=== Section Start ===
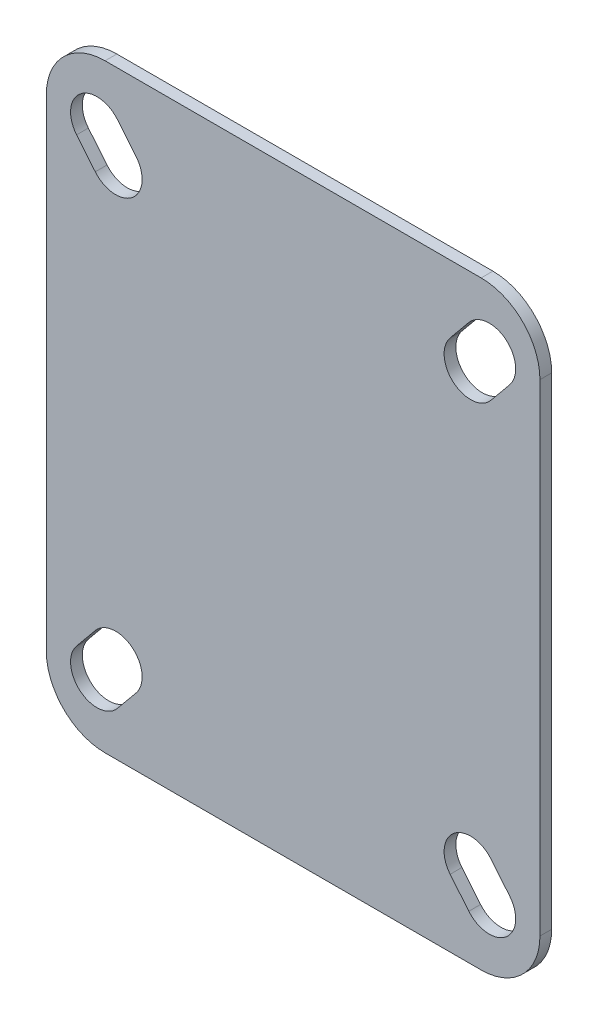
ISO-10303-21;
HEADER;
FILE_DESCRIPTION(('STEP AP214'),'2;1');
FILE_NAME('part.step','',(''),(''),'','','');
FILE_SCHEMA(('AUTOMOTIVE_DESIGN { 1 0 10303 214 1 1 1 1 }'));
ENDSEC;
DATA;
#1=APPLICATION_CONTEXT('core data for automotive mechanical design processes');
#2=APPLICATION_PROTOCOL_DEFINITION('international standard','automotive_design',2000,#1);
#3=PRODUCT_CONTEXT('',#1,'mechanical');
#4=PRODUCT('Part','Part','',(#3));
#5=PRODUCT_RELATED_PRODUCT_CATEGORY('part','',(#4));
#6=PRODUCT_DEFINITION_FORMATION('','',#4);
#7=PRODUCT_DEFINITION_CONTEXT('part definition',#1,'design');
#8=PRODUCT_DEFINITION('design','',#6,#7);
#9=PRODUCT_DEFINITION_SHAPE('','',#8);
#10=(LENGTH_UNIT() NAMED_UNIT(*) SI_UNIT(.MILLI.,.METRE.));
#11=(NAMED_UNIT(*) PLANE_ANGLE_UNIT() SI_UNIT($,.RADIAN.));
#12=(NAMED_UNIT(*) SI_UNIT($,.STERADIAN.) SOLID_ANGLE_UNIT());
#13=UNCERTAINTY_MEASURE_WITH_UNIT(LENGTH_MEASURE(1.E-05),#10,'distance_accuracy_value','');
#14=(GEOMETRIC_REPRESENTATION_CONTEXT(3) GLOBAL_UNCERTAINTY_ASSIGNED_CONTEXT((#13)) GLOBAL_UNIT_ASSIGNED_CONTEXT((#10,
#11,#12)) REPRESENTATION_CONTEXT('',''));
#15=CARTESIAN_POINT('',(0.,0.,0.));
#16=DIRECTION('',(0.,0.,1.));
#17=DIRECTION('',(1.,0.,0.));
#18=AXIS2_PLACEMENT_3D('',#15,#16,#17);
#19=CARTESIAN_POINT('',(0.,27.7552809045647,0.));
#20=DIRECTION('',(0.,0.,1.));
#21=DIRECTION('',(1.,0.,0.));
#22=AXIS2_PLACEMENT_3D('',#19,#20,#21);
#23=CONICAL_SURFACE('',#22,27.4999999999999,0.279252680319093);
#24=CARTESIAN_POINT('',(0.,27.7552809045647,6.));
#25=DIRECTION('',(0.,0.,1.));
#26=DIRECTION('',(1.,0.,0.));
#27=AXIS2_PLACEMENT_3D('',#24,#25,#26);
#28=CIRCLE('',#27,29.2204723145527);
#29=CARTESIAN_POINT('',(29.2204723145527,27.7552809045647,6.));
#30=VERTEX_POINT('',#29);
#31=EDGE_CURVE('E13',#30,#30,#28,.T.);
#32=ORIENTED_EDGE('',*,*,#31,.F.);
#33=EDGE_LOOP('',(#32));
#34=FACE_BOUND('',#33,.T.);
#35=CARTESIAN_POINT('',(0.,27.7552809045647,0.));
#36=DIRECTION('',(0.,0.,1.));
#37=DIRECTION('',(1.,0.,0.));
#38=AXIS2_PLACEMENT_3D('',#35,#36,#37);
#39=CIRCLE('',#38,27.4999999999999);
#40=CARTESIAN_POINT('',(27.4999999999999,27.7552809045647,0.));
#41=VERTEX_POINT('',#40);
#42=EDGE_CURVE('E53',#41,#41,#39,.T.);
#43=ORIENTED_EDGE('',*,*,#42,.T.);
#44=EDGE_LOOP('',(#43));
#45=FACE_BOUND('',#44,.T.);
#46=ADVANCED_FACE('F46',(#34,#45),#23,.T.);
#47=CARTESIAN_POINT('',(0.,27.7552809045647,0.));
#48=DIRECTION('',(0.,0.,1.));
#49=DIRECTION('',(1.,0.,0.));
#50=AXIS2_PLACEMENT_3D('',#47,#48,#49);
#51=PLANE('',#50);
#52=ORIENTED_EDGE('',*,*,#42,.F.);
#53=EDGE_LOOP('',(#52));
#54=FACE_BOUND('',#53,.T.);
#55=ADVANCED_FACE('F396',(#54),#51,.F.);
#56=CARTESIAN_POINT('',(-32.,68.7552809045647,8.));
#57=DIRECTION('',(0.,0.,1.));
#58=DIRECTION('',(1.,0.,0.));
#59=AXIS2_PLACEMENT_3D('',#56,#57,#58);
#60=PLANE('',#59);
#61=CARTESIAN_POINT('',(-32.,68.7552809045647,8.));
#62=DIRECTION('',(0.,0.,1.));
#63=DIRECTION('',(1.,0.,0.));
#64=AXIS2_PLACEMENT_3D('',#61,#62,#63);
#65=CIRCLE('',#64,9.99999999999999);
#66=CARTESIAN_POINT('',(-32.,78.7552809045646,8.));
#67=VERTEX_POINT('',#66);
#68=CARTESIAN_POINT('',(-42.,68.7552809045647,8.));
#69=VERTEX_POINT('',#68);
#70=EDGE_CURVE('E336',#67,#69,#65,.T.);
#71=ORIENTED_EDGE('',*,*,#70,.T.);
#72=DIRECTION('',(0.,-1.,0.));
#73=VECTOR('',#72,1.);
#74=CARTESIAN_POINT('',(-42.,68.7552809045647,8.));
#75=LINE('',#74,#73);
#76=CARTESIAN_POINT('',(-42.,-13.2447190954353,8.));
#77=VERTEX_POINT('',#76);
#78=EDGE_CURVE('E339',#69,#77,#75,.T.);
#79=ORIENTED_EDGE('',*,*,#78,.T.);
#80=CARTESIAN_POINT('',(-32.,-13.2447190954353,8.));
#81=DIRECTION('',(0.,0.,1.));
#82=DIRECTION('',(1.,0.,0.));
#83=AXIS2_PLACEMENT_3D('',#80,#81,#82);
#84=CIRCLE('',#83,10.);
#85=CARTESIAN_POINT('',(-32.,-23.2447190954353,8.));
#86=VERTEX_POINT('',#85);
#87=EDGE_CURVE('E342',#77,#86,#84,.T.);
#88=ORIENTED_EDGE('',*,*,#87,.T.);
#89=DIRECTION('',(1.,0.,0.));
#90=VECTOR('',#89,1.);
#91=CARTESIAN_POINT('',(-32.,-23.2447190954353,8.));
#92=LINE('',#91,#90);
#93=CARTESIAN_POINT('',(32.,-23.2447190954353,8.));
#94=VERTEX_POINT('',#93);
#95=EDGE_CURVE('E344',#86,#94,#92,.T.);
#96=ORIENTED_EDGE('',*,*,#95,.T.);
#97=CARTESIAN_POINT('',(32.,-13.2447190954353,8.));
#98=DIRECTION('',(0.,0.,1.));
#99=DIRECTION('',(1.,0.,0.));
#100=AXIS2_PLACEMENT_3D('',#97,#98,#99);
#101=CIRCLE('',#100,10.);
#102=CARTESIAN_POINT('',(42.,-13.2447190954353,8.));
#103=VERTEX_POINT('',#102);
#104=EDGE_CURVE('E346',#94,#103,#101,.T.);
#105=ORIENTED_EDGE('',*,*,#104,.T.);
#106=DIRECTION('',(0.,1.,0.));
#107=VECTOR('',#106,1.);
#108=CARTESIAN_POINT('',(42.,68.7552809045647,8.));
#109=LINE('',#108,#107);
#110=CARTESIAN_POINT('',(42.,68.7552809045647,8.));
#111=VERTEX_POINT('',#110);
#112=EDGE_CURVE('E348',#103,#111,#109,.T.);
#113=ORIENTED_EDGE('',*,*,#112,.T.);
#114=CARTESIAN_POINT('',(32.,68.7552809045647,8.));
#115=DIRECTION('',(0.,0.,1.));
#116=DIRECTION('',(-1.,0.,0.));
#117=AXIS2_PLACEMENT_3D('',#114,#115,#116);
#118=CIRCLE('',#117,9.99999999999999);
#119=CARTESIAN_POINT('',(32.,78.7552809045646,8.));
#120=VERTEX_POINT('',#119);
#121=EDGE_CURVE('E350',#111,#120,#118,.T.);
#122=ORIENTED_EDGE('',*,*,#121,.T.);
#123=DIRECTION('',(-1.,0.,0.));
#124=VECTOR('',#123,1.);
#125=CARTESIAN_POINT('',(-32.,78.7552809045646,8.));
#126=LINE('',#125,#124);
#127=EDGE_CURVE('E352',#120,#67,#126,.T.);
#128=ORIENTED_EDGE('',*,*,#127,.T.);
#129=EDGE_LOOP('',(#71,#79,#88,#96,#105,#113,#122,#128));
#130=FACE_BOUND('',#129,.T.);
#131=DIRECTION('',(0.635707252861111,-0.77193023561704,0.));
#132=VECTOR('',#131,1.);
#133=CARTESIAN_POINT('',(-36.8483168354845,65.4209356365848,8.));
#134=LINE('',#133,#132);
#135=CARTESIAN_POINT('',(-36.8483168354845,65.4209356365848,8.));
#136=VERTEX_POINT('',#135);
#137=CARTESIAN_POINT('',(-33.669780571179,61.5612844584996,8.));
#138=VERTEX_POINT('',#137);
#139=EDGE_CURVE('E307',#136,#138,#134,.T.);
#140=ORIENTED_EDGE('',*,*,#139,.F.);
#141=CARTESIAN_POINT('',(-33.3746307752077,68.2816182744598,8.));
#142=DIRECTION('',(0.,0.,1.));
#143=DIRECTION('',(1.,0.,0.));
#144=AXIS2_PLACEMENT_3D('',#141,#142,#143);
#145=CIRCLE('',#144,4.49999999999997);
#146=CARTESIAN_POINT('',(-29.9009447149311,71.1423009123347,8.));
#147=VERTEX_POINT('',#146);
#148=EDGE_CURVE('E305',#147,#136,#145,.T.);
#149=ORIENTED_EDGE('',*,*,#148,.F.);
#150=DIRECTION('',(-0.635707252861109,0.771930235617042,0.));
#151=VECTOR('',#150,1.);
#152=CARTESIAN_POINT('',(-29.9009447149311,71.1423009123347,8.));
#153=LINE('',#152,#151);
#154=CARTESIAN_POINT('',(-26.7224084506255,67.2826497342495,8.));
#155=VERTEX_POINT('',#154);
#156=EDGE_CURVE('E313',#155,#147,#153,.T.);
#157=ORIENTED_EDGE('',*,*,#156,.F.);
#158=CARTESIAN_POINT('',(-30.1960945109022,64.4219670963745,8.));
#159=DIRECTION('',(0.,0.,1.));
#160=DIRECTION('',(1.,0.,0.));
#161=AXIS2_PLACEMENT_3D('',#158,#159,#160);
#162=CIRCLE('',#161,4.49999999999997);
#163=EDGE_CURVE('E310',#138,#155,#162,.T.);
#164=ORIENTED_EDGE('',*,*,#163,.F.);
=== Section End ===
- **Goal of the exercise**: The lines from the start of the data through the line that contains "#20=DIRECTION('',(0.,0.,1.));" are to be returned exactly, please, with both ends included and every picture left out.

- **Response**:
ISO-10303-21;
HEADER;
FILE_DESCRIPTION(('STEP AP214'),'2;1');
FILE_NAME('part.step','',(''),(''),'','','');
FILE_SCHEMA(('AUTOMOTIVE_DESIGN { 1 0 10303 214 1 1 1 1 }'));
ENDSEC;
DATA;
#1=APPLICATION_CONTEXT('core data for automotive mechanical design processes');
#2=APPLICATION_PROTOCOL_DEFINITION('international standard','automotive_design',2000,#1);
#3=PRODUCT_CONTEXT('',#1,'mechanical');
#4=PRODUCT('Part','Part','',(#3));
#5=PRODUCT_RELATED_PRODUCT_CATEGORY('part','',(#4));
#6=PRODUCT_DEFINITION_FORMATION('','',#4);
#7=PRODUCT_DEFINITION_CONTEXT('part definition',#1,'design');
#8=PRODUCT_DEFINITION('design','',#6,#7);
#9=PRODUCT_DEFINITION_SHAPE('','',#8);
#10=(LENGTH_UNIT() NAMED_UNIT(*) SI_UNIT(.MILLI.,.METRE.));
#11=(NAMED_UNIT(*) PLANE_ANGLE_UNIT() SI_UNIT($,.RADIAN.));
#12=(NAMED_UNIT(*) SI_UNIT($,.STERADIAN.) SOLID_ANGLE_UNIT());
#13=UNCERTAINTY_MEASURE_WITH_UNIT(LENGTH_MEASURE(1.E-05),#10,'distance_accuracy_value','');
#14=(GEOMETRIC_REPRESENTATION_CONTEXT(3) GLOBAL_UNCERTAINTY_ASSIGNED_CONTEXT((#13)) GLOBAL_UNIT_ASSIGNED_CONTEXT((#10,
#11,#12)) REPRESENTATION_CONTEXT('',''));
#15=CARTESIAN_POINT('',(0.,0.,0.));
#16=DIRECTION('',(0.,0.,1.));
#17=DIRECTION('',(1.,0.,0.));
#18=AXIS2_PLACEMENT_3D('',#15,#16,#17);
#19=CARTESIAN_POINT('',(0.,27.7552809045647,0.));
#20=DIRECTION('',(0.,0.,1.));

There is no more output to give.